Atelier Bow-Wow is a Tokyo-based architecture firm, founded in 1992 by Yoshiharu Tsukamoto and Momoyo Kajima. The firm is well known for its domestic and cultural architecture and its research exploring the urban conditions of micro, ad hoc architecture.

Yoshiharu Tsukamoto was born in Kanagawa Prefecture in 1965. He studied architecture at Tokyo Institute of Technology, graduating from his undergraduate degree in 1987. Tsukamoto travelled to Paris to be a guest student at L’Ecole d’Architecture de Belleville (UP 8) from 1987–88 and in 1994 he completed a Doctor of Engineering program at Tokyo Institute of Technology.

In 2000 Tsukamoto became an Associate Professor at the Tokyo Institute of Technology and in both 2003 and 2007 he was a Kenzo Tange Visiting Associate Professor in the Department of Architecture at Harvard GSD. Also in 2007 and again in 2008 he was a visiting Associate Professor at The University of California, Los Angeles (UCLA)

Momoyo Kaijima was born in Tokyo in 1969. She received her undergraduate degree from the Faculty of Domestic Science at Japan Women's University in 1991 and both her graduate (M.Eng.) and post-graduate degrees were from the Tokyo Institute of Technology in 1994 and 1999. She was also a guest student at Eidgenössische Technische Hochschule Zürich (ETH) from 1996-1997.

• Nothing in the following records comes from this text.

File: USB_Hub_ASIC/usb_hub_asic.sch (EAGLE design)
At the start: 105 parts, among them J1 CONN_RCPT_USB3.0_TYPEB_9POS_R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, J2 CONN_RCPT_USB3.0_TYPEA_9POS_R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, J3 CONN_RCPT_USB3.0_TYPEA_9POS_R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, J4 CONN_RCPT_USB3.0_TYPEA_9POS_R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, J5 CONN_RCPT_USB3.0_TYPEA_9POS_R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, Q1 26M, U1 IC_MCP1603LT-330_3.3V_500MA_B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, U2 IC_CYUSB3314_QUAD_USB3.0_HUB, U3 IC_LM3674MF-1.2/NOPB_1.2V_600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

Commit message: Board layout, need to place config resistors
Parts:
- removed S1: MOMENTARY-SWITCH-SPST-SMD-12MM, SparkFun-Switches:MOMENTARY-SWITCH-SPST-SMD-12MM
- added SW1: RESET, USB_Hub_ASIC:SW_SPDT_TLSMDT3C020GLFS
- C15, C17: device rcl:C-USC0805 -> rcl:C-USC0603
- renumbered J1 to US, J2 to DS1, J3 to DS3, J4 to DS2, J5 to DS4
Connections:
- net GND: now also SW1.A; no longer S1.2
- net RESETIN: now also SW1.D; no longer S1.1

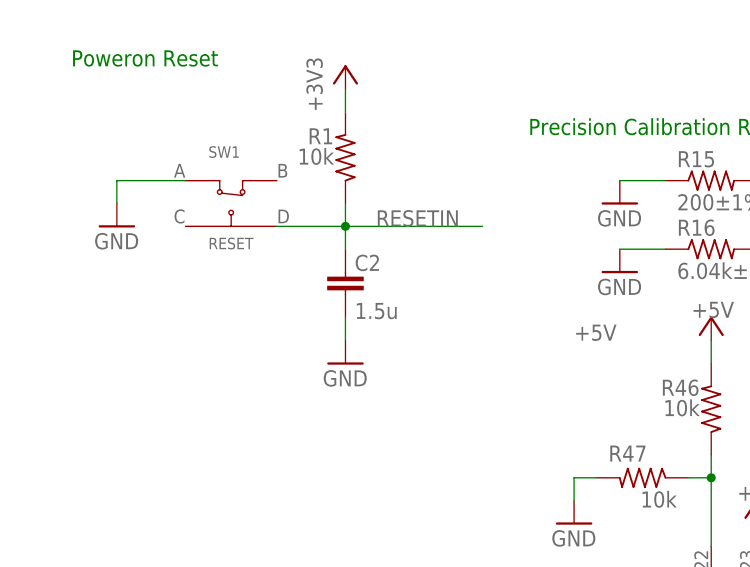
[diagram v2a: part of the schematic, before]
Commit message: start over on board design w/ 4 layers
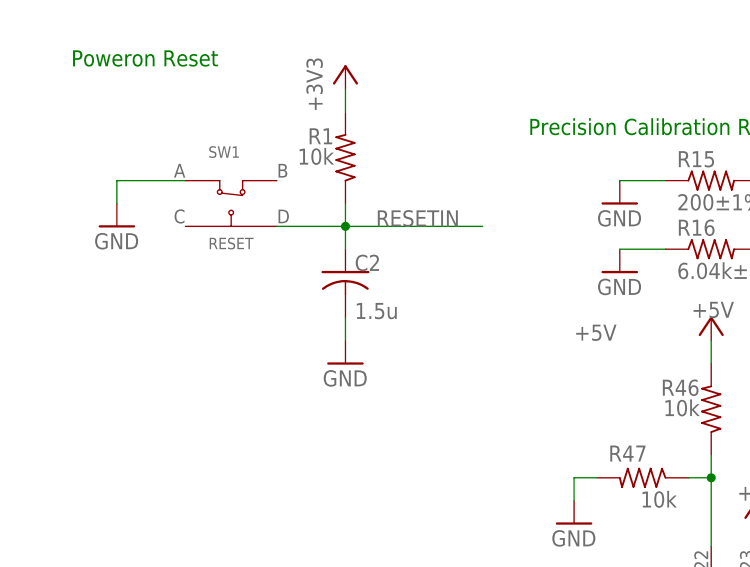
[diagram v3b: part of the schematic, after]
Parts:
- C2: device SparkFun-Capacitors:CAP-0603 -> rcl:C-USC0603
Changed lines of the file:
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@@
 <drawing>
 <settings>
-<setting alwaysvectorfont="no"/>
+<setting alwaysvectorfont="yes"/>
 <setting verticaltext="up"/>
 </settings>
@@
 <part name="C11" library="rcl" library_urn="urn:adsk.eagle:library:334" deviceset="C-US" device="C0603" package3d_urn="urn:adsk.eagle:package:23616/2" value="22u"/>
 <part name="C10" library="rcl" library_urn="urn:adsk.eagle:library:334" deviceset="C-US" device="C0603" package3d_urn="urn:adsk.eagle:package:23616/2" value="22u"/>
-<part name="C2" library="SparkFun-Capacitors" deviceset="CAP" device="-0603" value="1.5u"/>
+<part name="C2" library="rcl" library_urn="urn:adsk.eagle:library:334" deviceset="C-US" device="C0603" package3d_urn="urn:adsk.eagle:package:23616/2" value="1.5u"/>
 <part name="R1" library="rcl" library_urn="urn:adsk.eagle:library:334" deviceset="R-US_" device="R0603" package3d_urn="urn:adsk.eagle:package:23555/3" value="10k"/>
 <part name="R29" library="rcl" library_urn="urn:adsk.eagle:library:334" deviceset="R-US_" device="R0603" package3d_urn="urn:adsk.eagle:package:23555/3" value="10k"/>
@@
 <attribute name="VALUE" x="130.556" y="130.429" size="1.778" layer="96"/>
 </instance>
-<instance part="C2" gate="G$1" x="38.1" y="144.78" smashed="yes" rot="MR0">
+<instance part="C2" gate="G$1" x="38.1" y="147.32" smashed="yes" rot="MR0">
 <attribute name="NAME" x="39.116" y="149.225" size="1.778" layer="95" rot="MR180"/>
 <attribute name="VALUE" x="39.116" y="143.891" size="1.778" layer="96" rot="MR180"/>
@@
 <segment>
 <pinref part="C2" gate="G$1" pin="2"/>
+<pinref part="GND2" gate="1" pin="GND"/>
 <wire x1="38.1" y1="142.24" x2="38.1" y2="139.7" width="0.1524" layer="91"/>
-<pinref part="GND2" gate="1" pin="GND"/>
-</segment>
-<segment>
+</segment>
+<segment>
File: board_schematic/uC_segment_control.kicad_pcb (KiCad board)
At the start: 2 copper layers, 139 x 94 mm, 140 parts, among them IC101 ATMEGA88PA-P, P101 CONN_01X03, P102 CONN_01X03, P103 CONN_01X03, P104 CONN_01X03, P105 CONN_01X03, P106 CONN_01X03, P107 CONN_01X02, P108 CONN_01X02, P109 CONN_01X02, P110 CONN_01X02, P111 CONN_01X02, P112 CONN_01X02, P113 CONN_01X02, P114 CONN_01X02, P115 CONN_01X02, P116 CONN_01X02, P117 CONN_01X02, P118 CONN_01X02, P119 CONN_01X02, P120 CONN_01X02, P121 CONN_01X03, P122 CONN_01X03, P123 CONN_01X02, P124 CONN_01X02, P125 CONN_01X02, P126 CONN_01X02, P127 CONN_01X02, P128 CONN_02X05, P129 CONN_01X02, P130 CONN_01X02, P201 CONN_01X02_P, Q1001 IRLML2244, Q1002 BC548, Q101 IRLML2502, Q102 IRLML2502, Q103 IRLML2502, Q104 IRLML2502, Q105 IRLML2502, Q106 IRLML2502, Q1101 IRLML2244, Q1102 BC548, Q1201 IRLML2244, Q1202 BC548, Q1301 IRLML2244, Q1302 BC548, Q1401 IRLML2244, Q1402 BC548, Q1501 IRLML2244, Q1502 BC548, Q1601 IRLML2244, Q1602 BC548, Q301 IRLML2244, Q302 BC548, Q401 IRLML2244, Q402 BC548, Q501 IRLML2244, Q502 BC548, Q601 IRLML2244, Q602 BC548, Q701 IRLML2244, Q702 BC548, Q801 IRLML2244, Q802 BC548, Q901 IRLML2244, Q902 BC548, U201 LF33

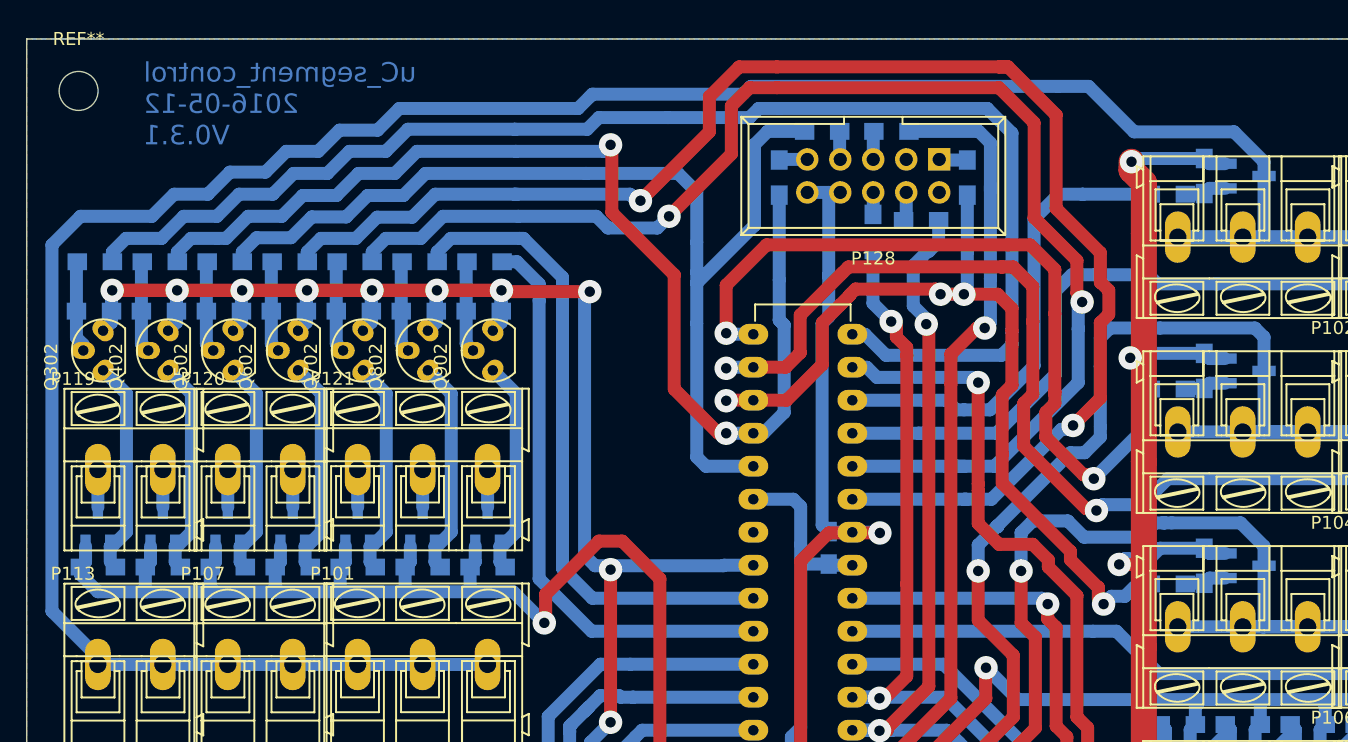
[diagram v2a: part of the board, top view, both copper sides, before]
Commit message: V0.4.1 bigger pads footprint flashport for better milling. Case added.
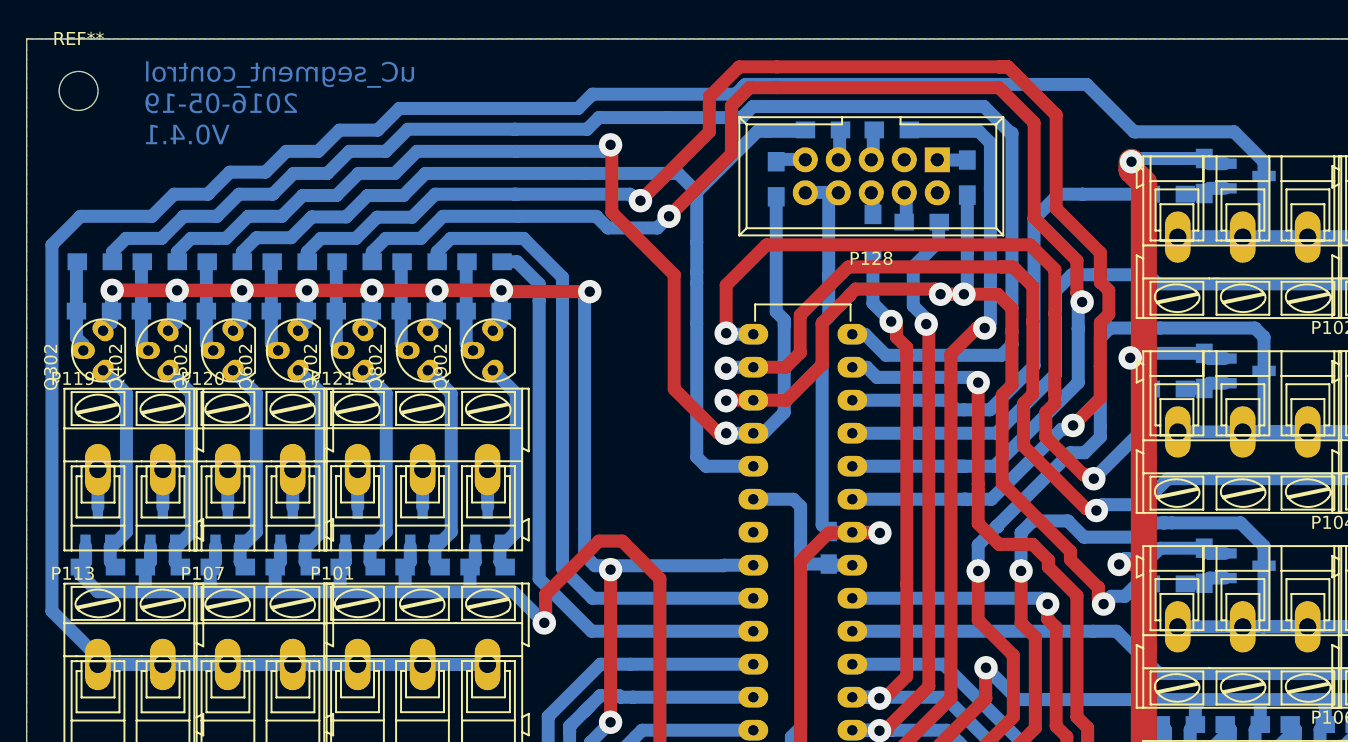
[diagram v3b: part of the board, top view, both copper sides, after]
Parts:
- P128: footprint Connect:IDC_Header_Straight_10pins -> project_footprints:IDC_Header_Straight_10pins_0.6_clearance
- moved R119 0.27 mm to (107.7, 60.8)
- moved P128 0.15 mm to (120.1, 59.3)
- moved R112 0.14 mm to (118.9, 64.1)
- moved R115 0.13 mm to (111.3, 57.0)
- moved R113 0.12 mm to (116.6, 57.0)
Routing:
- net /p-mos_switch_S0_2.sch/S_IN: track 81.5 -> 75.0 mm
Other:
- board text added: "uC_segment_control 2016-05-19 V0.4.1"
- board text removed: "uC_segment_control 2016-05-12 V0.3.1"

In 2000 Kaijima became an Assistant Professor, and in 2009 an Associate Professor, at the Art and Design School of the University of Tsukuba. Like Tsukamoto, in 2003 she was a visiting faculty (as a design critic) in the Department of Architecture at Harvard GSD and between 2005 and 2007 she was also a guest professor at ETH Zürich. In 2010 she was the Architect in Residence at the University of Auckland.

In the spring of 2014, Yoshiharu Tsukamoto signed on to be a member of the Guggenheim Helsinki Design Competition jury.

"Pet Architecture" is a term Atelier Bow-Wow uses for the buildings that have been squeezed into left over urban spaces. Buildings with curious shapes and inventive solutions for windows, drainage, and air-conditioning often arise in these urban situation. One example of this is the Coffee Saloon Kimoto in Tokyo, a triangular structure with a capacity of four customers.